*** Opening Task data ***

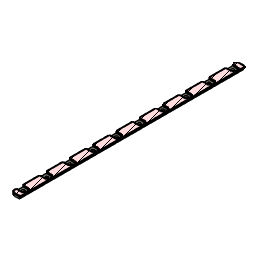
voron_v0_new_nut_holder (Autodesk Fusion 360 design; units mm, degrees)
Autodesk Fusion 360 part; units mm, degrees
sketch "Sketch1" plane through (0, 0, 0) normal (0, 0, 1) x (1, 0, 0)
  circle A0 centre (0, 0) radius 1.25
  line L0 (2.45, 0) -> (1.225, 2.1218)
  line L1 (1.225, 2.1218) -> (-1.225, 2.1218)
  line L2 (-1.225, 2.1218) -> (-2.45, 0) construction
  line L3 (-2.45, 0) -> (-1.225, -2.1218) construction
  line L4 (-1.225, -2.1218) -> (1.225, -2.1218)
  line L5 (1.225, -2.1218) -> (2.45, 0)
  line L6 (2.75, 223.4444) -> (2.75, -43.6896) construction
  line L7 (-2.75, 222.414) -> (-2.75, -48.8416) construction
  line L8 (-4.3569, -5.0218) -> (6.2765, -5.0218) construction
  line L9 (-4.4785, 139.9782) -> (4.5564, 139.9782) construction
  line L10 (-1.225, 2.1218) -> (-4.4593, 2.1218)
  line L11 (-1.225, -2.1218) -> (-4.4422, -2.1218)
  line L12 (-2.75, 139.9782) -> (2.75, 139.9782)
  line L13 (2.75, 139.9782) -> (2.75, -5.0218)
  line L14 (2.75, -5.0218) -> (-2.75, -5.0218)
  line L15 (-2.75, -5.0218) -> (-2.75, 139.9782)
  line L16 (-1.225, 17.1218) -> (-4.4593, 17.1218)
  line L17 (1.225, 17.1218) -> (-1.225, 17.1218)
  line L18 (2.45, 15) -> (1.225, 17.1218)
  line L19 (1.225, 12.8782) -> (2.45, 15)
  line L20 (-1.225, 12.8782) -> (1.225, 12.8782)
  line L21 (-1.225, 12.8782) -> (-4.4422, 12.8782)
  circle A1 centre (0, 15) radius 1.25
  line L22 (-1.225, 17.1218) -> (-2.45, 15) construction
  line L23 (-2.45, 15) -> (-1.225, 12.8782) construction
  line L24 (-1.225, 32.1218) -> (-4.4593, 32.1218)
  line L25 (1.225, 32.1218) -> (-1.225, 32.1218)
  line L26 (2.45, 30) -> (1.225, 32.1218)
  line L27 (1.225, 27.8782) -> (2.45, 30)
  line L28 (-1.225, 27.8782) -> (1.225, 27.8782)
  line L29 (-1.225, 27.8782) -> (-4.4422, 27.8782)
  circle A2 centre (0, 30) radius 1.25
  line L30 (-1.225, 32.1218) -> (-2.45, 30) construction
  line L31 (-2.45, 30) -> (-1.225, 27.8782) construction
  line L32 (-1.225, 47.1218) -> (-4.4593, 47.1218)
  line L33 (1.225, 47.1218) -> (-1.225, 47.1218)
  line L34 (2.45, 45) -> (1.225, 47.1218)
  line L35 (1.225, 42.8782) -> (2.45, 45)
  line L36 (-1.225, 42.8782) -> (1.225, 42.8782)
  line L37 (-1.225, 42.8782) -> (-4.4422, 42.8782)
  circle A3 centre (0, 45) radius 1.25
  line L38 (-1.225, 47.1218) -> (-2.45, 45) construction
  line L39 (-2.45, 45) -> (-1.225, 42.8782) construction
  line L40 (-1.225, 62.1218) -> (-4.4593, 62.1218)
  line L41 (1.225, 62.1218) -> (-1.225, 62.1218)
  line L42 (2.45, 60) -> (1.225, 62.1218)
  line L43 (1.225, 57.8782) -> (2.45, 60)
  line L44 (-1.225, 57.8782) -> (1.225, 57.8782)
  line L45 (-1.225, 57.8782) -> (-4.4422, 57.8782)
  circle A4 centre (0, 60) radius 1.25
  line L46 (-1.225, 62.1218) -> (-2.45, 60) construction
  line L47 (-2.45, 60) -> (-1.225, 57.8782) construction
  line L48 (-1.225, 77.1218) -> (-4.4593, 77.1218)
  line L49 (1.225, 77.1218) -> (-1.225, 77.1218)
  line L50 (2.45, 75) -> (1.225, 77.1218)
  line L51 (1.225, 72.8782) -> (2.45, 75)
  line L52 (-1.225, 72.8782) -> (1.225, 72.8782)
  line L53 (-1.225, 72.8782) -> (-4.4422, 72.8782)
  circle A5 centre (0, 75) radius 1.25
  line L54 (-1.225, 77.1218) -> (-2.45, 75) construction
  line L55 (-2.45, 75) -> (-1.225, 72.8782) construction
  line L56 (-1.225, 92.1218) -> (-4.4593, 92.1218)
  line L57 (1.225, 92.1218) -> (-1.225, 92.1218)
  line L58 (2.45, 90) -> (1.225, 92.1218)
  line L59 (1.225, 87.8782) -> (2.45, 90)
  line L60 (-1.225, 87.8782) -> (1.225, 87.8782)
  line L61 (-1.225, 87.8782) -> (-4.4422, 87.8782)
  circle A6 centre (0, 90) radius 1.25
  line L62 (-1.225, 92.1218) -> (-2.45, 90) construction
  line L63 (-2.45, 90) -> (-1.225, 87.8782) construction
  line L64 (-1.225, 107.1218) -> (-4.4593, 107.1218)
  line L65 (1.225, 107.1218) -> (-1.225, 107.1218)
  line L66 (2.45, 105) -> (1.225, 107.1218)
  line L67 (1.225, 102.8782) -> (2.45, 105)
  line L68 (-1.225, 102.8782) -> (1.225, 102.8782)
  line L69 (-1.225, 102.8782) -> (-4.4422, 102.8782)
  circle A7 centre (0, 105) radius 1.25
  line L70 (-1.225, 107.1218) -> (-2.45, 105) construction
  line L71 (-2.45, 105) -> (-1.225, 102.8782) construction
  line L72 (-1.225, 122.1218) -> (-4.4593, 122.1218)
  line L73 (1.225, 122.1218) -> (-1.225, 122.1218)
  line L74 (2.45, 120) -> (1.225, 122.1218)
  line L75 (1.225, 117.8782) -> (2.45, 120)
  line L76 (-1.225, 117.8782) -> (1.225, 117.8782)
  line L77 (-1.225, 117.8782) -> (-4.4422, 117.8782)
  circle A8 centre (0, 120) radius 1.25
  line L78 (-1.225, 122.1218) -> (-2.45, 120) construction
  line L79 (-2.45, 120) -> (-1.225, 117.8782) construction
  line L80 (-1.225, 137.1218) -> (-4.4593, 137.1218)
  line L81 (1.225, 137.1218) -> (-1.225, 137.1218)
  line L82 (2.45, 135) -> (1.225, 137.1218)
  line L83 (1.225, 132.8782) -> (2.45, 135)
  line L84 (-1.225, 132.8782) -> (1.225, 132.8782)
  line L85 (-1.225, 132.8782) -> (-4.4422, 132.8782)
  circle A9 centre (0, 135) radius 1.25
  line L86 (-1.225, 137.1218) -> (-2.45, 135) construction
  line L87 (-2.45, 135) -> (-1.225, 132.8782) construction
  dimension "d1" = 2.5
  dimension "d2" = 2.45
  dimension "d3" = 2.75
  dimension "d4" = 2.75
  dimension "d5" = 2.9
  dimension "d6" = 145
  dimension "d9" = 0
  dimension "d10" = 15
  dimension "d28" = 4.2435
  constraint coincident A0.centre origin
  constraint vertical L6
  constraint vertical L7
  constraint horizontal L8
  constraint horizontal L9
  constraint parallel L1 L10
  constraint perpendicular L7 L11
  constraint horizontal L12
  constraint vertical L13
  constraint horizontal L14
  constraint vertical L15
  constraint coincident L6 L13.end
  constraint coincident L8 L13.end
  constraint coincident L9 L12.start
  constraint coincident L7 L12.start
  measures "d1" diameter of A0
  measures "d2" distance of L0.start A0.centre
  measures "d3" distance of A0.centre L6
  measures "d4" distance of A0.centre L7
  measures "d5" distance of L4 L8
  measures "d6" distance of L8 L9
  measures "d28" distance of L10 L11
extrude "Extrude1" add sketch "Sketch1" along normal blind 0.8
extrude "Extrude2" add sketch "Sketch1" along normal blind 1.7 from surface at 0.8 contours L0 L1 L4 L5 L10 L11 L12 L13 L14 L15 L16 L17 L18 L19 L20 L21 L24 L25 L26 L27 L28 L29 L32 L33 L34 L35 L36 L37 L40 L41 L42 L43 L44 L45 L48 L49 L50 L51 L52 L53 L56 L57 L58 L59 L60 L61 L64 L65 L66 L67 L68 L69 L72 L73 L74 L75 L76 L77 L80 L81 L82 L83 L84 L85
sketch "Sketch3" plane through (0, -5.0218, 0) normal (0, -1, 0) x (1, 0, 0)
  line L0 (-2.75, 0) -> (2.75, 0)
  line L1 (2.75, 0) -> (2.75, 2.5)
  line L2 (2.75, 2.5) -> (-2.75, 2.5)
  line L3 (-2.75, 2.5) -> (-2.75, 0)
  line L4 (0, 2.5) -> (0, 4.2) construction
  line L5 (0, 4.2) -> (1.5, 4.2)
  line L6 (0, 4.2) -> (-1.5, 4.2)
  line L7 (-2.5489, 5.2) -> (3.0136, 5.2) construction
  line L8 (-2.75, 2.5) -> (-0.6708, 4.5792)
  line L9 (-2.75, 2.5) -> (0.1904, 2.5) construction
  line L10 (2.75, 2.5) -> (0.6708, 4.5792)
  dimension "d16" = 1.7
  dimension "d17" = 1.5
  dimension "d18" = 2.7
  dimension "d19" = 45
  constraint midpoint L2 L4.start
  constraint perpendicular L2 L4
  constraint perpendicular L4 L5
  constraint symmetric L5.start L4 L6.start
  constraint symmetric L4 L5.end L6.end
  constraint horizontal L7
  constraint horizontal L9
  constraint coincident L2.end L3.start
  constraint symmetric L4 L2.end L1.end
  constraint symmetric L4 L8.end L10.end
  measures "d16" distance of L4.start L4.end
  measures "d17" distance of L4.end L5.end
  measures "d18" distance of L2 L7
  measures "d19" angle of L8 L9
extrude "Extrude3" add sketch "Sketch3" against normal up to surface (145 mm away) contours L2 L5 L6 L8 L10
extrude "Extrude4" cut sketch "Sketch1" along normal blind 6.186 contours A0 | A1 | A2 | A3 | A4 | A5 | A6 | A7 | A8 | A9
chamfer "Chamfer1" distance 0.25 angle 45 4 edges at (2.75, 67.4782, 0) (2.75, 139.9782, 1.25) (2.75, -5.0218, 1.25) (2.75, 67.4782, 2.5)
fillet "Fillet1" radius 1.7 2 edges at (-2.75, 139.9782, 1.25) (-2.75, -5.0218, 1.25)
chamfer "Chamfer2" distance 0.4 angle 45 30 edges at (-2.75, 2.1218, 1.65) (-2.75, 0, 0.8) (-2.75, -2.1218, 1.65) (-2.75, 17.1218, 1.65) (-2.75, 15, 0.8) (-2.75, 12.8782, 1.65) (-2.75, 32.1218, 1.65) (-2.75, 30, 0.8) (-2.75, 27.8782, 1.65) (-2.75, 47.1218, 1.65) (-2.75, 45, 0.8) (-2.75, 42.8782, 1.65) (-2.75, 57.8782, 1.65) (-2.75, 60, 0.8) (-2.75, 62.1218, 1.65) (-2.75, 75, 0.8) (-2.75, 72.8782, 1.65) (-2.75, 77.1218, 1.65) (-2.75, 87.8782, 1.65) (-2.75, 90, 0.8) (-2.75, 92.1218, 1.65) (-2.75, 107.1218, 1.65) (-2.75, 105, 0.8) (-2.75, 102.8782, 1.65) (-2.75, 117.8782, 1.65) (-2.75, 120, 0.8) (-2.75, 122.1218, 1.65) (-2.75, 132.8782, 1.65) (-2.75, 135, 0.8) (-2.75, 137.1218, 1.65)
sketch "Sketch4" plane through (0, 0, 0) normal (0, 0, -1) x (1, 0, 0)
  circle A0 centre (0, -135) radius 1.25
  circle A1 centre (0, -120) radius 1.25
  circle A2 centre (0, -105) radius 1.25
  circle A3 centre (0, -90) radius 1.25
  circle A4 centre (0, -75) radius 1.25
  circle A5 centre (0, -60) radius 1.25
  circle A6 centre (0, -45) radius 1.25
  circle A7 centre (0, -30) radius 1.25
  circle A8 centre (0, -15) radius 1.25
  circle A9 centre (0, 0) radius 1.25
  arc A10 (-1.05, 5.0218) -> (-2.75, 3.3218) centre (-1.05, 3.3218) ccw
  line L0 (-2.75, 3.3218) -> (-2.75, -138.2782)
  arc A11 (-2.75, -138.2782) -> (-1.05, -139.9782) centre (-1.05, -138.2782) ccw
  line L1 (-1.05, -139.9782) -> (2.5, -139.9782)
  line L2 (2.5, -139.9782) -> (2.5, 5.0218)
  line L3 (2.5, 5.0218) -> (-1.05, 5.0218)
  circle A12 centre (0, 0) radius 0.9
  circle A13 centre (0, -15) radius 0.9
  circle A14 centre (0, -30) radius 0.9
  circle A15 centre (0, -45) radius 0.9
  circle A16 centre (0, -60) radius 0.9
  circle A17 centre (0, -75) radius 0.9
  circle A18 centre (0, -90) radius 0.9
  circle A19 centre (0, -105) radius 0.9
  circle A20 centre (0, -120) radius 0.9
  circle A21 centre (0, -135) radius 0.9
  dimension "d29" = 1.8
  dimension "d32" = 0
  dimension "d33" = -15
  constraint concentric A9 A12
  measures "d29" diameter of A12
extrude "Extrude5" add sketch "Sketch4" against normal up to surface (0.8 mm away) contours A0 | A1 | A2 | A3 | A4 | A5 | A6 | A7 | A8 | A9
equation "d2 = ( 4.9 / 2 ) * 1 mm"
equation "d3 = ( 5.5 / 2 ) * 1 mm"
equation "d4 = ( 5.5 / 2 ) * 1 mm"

*** Closing Task data ***

» **Description of the task**
From the entries, copy every line in which the string "angle" can be found.

» **Written response**
  measures "d19" angle of L8 L9
chamfer "Chamfer1" distance 0.25 angle 45 4 edges at (2.75, 67.4782, 0) (2.75, 139.9782, 1.25) (2.75, -5.0218, 1.25) (2.75, 67.4782, 2.5)
chamfer "Chamfer2" distance 0.4 angle 45 30 edges at (-2.75, 2.1218, 1.65) (-2.75, 0, 0.8) (-2.75, -2.1218, 1.65) (-2.75, 17.1218, 1.65) (-2.75, 15, 0.8) (-2.75, 12.8782, 1.65) (-2.75, 32.1218, 1.65) (-2.75, 30, 0.8) (-2.75, 27.8782, 1.65) (-2.75, 47.1218, 1.65) (-2.75, 45, 0.8) (-2.75, 42.8782, 1.65) (-2.75, 57.8782, 1.65) (-2.75, 60, 0.8) (-2.75, 62.1218, 1.65) (-2.75, 75, 0.8) (-2.75, 72.8782, 1.65) (-2.75, 77.1218, 1.65) (-2.75, 87.8782, 1.65) (-2.75, 90, 0.8) (-2.75, 92.1218, 1.65) (-2.75, 107.1218, 1.65) (-2.75, 105, 0.8) (-2.75, 102.8782, 1.65) (-2.75, 117.8782, 1.65) (-2.75, 120, 0.8) (-2.75, 122.1218, 1.65) (-2.75, 132.8782, 1.65) (-2.75, 135, 0.8) (-2.75, 137.1218, 1.65)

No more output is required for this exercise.